単気筒・250ccのよくあるオフロードバイクですが、バッテリーは非搭載で、エンジン始動時には専用のレバーをキックする仕様。エンジンが動いている間だけ発電が行われて、ライトやウインカー等の電装部品が点灯・点滅します。

当然キャブ車にも電気は必要で、電気がなければスパークプラグを点火させることは不可能。このバイクはバッテリーレスですが、キャブのバイクでセルモーターが搭載されているものがありますし、自動車のキャブ車には当然のようにセルモーターが備わっています。

キャブレターの歴史は長いですから、時間を経ていろいろな仕様が誕生したとわかるでしょう。

インジェクションには無い魅力がキャブ車にはある

©Aisyaqilumar/stock.adobe.com

インジェクションと比べてより機械的なところがキャブ車の魅力と言えるでしょう。

キャブレター独特の音にインジェクションとは違った反応の良いスロットルレスポンス、そして手軽に外してキャブレターのセッティングを楽しめるところなど、その魅力は様々です。

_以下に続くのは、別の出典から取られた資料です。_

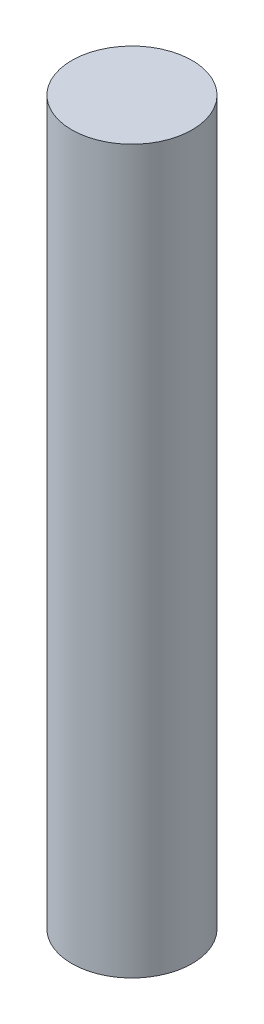
SolidWorks part; units mm, degrees
ref_plane "Front Plane" through (0, 0, 0) normal (0, 0, 1) x (1, 0, 0)
ref_plane "Top Plane" through (0, 0, 0) normal (0, 1, 0) x (1, 0, 0)
ref_plane "Right Plane" through (0, 0, 0) normal (1, 0, 0) x (0, 0, -1)
sketch "Sketch1" plane through (0, 0, 0) normal (0, 1, 0) x (1, 0, 0)
  circle A0 centre (0, 0) radius 12.5
  dimension "D1" = 25
extrude "Boss-Extrude1" add sketch "Sketch1" along normal blind 150

古典的で昔懐かしさを感じさせてくれるキャブ車は、クラッシックな気分を味わえますので、そういった方には一度乗ってみるのをおすすめします。

キャブの自動車となると値段が高くつく傾向ですが、バイクのキャブ車なら中古で比較的安く入手できますので、キャブレターを体験・学びたい人はまずバイクから始めるのもアリ。自分に合ったキャブ車生活をスタートしてみては。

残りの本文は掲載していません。